| Stored data |
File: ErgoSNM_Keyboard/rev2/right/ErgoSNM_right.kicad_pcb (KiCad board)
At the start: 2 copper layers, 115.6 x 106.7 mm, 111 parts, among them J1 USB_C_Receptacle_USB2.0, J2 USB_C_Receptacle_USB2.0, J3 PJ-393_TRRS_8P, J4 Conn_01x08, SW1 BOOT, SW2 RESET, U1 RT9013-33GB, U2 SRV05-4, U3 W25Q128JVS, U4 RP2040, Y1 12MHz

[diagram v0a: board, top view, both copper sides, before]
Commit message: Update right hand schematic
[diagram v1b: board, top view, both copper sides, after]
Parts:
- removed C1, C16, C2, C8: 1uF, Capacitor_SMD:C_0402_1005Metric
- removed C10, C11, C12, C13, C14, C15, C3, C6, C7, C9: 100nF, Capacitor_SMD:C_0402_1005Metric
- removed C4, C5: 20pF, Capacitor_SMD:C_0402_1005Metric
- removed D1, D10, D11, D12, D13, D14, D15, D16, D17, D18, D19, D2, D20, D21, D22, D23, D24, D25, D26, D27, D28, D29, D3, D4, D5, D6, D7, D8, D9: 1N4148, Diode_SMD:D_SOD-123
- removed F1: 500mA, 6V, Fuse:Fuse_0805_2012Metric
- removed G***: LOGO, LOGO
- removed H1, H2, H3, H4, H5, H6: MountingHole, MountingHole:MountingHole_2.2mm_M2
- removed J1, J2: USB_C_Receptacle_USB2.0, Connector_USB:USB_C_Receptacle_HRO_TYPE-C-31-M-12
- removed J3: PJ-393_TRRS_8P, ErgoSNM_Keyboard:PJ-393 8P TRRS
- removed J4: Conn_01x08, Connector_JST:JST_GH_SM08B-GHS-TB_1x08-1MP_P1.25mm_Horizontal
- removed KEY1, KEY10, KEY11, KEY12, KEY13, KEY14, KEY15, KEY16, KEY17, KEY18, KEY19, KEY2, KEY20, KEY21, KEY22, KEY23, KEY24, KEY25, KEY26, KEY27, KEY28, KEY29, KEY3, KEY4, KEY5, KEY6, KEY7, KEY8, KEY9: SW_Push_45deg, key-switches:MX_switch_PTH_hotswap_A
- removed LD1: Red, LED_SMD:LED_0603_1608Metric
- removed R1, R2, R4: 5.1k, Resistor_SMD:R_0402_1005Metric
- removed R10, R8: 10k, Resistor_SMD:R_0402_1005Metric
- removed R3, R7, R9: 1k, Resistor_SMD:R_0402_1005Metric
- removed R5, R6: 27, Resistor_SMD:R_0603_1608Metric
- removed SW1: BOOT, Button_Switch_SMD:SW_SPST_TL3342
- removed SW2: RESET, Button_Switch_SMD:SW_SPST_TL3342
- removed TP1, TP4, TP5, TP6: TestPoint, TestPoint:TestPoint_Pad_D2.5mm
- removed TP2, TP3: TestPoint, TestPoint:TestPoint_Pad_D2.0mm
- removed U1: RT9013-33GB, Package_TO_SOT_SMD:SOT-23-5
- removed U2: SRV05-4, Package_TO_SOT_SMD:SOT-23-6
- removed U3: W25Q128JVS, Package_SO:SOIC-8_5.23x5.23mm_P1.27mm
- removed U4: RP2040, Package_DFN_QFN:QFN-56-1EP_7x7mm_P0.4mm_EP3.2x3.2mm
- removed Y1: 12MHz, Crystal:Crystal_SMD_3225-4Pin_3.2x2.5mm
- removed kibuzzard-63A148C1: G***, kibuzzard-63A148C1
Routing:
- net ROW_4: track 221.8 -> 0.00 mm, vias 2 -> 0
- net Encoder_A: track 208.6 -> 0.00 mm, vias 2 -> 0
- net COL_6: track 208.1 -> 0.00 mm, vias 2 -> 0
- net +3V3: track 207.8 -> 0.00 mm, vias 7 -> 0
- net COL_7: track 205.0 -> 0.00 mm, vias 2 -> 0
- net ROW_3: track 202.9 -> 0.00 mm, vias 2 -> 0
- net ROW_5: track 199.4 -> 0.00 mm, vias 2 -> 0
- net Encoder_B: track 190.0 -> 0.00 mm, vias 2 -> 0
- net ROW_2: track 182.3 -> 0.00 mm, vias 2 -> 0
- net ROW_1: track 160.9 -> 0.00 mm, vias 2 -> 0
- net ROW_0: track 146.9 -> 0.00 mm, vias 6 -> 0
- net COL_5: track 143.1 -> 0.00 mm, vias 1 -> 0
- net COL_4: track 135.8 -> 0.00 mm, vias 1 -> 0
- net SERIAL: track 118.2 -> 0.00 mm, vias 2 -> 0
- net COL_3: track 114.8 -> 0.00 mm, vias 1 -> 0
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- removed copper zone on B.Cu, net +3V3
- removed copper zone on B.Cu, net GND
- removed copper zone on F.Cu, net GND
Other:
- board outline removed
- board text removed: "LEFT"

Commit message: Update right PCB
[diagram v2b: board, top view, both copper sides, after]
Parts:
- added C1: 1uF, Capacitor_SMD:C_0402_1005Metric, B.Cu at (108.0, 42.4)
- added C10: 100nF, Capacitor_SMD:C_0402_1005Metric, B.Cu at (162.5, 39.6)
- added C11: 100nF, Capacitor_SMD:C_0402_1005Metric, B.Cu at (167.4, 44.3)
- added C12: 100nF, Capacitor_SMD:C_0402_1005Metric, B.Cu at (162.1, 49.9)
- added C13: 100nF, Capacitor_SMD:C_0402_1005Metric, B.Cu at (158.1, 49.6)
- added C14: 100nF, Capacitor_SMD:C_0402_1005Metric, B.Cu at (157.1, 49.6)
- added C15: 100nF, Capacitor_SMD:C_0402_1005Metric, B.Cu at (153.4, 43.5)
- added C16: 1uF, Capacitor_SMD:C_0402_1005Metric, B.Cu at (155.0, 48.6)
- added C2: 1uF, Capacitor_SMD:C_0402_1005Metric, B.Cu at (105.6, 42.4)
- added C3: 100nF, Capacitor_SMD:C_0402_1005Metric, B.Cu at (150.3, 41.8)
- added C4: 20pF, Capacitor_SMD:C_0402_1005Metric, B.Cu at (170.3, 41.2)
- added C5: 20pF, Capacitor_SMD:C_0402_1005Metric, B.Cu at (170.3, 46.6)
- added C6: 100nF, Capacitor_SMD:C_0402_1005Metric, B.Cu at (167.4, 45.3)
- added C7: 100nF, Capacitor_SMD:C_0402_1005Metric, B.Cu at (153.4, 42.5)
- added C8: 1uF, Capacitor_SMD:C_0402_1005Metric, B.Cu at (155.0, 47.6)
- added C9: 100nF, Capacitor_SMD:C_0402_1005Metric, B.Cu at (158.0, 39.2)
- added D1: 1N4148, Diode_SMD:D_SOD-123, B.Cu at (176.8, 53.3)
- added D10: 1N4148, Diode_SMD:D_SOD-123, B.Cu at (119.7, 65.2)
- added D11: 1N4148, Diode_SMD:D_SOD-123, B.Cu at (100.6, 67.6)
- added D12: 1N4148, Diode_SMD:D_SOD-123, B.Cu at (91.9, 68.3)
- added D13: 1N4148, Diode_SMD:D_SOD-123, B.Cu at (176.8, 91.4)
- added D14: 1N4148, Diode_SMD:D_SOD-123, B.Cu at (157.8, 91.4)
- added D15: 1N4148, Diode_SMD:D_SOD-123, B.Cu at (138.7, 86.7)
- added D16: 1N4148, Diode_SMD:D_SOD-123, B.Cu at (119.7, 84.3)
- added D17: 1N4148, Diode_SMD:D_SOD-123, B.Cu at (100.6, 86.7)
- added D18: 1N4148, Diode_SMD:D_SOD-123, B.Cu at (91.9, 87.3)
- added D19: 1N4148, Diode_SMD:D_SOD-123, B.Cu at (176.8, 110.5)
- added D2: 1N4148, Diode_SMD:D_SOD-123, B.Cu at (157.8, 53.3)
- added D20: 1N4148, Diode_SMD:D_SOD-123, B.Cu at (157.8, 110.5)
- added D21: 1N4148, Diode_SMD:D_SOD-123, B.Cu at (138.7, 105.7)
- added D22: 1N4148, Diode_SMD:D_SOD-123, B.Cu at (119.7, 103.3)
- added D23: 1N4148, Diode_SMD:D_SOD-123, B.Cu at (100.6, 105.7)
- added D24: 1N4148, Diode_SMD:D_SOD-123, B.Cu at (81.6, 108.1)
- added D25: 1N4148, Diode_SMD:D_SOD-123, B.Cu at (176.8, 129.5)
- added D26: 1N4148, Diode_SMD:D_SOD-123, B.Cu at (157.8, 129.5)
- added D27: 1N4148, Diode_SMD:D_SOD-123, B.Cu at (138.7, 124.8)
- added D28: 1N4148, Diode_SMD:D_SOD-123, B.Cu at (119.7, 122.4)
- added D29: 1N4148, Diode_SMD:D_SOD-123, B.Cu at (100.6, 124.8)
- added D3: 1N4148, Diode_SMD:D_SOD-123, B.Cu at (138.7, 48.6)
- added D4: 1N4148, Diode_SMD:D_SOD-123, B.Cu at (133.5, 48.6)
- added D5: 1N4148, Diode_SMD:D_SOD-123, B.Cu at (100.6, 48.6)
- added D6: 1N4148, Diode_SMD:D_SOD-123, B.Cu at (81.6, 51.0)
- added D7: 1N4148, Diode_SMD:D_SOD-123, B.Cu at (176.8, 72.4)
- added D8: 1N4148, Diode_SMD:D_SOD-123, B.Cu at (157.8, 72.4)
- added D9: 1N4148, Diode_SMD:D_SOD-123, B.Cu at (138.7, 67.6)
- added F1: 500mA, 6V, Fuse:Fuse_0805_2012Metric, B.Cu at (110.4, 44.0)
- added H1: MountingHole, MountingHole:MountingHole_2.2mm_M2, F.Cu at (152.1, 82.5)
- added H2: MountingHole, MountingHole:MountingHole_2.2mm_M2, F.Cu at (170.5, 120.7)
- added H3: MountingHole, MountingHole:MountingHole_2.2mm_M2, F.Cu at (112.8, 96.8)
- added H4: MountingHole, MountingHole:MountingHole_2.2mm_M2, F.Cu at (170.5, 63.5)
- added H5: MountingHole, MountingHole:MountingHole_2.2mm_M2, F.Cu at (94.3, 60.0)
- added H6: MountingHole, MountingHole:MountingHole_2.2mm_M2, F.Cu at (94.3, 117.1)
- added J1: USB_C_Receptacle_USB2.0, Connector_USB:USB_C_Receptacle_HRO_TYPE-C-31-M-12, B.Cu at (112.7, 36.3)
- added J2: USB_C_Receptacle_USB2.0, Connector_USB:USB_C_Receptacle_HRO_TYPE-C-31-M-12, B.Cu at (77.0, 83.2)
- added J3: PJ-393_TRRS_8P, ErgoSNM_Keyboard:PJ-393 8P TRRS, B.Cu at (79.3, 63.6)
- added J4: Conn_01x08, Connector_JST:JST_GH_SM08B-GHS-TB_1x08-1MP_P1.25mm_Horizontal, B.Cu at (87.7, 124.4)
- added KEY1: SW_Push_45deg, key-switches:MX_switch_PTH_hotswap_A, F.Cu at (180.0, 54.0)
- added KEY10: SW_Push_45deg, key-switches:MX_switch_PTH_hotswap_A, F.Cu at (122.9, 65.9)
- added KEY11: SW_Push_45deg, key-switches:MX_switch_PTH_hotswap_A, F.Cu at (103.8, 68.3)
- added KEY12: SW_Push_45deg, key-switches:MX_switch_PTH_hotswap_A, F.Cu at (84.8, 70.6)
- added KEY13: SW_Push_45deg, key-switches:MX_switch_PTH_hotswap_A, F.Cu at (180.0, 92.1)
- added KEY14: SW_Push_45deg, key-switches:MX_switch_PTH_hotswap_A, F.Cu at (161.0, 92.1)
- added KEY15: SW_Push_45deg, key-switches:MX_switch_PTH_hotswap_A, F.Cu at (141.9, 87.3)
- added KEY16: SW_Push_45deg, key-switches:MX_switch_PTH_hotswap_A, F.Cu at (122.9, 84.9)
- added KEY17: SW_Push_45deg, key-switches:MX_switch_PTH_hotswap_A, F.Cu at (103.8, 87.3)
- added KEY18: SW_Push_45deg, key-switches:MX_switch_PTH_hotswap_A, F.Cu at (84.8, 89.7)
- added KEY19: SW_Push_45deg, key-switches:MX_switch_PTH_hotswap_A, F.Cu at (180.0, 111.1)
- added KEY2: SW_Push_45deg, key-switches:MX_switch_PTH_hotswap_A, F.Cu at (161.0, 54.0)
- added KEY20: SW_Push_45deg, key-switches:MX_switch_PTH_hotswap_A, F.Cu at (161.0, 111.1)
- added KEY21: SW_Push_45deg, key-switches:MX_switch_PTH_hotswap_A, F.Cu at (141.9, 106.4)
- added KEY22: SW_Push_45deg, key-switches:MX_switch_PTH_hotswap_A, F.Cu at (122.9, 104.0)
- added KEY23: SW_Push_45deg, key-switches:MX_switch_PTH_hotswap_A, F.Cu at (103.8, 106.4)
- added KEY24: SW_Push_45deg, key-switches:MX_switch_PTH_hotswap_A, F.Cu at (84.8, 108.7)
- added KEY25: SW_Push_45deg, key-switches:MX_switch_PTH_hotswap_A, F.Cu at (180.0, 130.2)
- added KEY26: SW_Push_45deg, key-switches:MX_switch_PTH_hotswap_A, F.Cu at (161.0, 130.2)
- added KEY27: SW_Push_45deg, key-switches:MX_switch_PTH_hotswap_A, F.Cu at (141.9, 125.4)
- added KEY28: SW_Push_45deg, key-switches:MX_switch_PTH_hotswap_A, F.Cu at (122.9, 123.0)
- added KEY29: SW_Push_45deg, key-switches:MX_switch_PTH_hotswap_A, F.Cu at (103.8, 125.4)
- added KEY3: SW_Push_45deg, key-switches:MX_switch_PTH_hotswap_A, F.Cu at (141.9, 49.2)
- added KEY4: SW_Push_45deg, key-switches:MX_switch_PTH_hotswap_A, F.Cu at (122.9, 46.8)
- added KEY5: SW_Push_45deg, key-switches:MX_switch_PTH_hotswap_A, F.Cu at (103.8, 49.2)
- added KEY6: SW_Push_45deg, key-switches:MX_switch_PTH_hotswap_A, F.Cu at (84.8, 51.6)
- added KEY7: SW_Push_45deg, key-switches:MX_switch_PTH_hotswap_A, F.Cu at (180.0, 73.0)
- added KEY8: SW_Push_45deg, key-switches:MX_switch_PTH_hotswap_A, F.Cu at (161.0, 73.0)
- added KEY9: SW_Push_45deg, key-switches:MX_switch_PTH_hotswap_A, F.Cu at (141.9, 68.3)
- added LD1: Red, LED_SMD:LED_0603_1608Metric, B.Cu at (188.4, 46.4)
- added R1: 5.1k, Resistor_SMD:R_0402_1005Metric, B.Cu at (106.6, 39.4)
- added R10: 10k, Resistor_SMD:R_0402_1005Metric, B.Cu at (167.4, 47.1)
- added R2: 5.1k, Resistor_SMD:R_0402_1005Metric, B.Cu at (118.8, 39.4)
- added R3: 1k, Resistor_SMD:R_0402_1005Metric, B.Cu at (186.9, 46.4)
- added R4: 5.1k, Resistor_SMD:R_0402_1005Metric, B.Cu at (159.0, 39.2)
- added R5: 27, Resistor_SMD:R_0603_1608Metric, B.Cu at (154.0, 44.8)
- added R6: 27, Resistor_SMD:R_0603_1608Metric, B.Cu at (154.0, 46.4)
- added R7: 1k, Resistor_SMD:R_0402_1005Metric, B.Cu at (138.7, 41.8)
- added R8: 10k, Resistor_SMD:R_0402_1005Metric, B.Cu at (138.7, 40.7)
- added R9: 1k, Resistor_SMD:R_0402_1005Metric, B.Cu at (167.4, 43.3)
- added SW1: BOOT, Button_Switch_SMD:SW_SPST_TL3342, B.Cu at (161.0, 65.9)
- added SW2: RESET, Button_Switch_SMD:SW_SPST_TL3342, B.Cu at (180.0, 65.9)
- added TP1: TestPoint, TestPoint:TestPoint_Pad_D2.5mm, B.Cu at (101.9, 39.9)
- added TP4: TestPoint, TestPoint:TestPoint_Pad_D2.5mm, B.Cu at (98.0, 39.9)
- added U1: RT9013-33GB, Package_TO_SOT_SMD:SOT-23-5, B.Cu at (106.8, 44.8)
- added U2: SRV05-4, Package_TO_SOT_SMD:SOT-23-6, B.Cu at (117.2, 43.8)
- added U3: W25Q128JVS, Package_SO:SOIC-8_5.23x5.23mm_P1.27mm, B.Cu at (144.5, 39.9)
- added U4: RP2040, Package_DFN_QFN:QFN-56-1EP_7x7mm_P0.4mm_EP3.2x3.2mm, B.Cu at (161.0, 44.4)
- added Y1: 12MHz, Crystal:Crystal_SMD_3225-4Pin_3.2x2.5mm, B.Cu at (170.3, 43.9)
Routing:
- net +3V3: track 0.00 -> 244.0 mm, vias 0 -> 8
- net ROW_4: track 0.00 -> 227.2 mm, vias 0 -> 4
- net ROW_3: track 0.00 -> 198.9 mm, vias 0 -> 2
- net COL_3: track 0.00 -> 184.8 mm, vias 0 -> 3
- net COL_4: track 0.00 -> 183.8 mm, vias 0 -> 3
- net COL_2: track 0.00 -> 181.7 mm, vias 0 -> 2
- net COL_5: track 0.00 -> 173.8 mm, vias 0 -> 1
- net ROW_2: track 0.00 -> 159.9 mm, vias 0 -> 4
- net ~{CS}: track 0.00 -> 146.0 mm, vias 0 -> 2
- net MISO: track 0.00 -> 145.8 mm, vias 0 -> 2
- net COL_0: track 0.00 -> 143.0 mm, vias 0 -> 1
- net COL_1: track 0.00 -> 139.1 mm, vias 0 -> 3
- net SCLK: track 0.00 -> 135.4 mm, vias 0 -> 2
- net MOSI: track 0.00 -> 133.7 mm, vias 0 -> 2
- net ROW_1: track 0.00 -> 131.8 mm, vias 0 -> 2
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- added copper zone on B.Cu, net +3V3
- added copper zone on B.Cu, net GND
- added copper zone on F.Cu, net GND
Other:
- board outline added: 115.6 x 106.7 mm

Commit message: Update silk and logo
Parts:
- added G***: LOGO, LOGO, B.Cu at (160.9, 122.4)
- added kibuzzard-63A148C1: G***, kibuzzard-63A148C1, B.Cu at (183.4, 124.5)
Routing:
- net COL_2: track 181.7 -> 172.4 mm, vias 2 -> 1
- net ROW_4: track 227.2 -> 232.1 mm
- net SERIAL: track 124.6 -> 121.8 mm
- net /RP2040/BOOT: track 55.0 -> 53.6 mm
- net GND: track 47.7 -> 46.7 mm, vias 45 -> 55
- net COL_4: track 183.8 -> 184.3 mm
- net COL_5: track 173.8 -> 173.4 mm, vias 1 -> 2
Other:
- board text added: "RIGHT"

| What needs to be done |
Give back the entries above exactly as they are, from their first line through the line that contains "- removed R10, R8: 10k, Resistor_SMD:R_0402_1005Metric", both included, with nothing else.

| Output |
File: ErgoSNM_Keyboard/rev2/right/ErgoSNM_right.kicad_pcb (KiCad board)
At the start: 2 copper layers, 115.6 x 106.7 mm, 111 parts, among them J1 USB_C_Receptacle_USB2.0, J2 USB_C_Receptacle_USB2.0, J3 PJ-393_TRRS_8P, J4 Conn_01x08, SW1 BOOT, SW2 RESET, U1 RT9013-33GB, U2 SRV05-4, U3 W25Q128JVS, U4 RP2040, Y1 12MHz

[diagram v0a: board, top view, both copper sides, before]
Commit message: Update right hand schematic
[diagram v1b: board, top view, both copper sides, after]
Parts:
- removed C1, C16, C2, C8: 1uF, Capacitor_SMD:C_0402_1005Metric
- removed C10, C11, C12, C13, C14, C15, C3, C6, C7, C9: 100nF, Capacitor_SMD:C_0402_1005Metric
- removed C4, C5: 20pF, Capacitor_SMD:C_0402_1005Metric
- removed D1, D10, D11, D12, D13, D14, D15, D16, D17, D18, D19, D2, D20, D21, D22, D23, D24, D25, D26, D27, D28, D29, D3, D4, D5, D6, D7, D8, D9: 1N4148, Diode_SMD:D_SOD-123
- removed F1: 500mA, 6V, Fuse:Fuse_0805_2012Metric
- removed G***: LOGO, LOGO
- removed H1, H2, H3, H4, H5, H6: MountingHole, MountingHole:MountingHole_2.2mm_M2
- removed J1, J2: USB_C_Receptacle_USB2.0, Connector_USB:USB_C_Receptacle_HRO_TYPE-C-31-M-12
- removed J3: PJ-393_TRRS_8P, ErgoSNM_Keyboard:PJ-393 8P TRRS
- removed J4: Conn_01x08, Connector_JST:JST_GH_SM08B-GHS-TB_1x08-1MP_P1.25mm_Horizontal
- removed KEY1, KEY10, KEY11, KEY12, KEY13, KEY14, KEY15, KEY16, KEY17, KEY18, KEY19, KEY2, KEY20, KEY21, KEY22, KEY23, KEY24, KEY25, KEY26, KEY27, KEY28, KEY29, KEY3, KEY4, KEY5, KEY6, KEY7, KEY8, KEY9: SW_Push_45deg, key-switches:MX_switch_PTH_hotswap_A
- removed LD1: Red, LED_SMD:LED_0603_1608Metric
- removed R1, R2, R4: 5.1k, Resistor_SMD:R_0402_1005Metric
- removed R10, R8: 10k, Resistor_SMD:R_0402_1005Metric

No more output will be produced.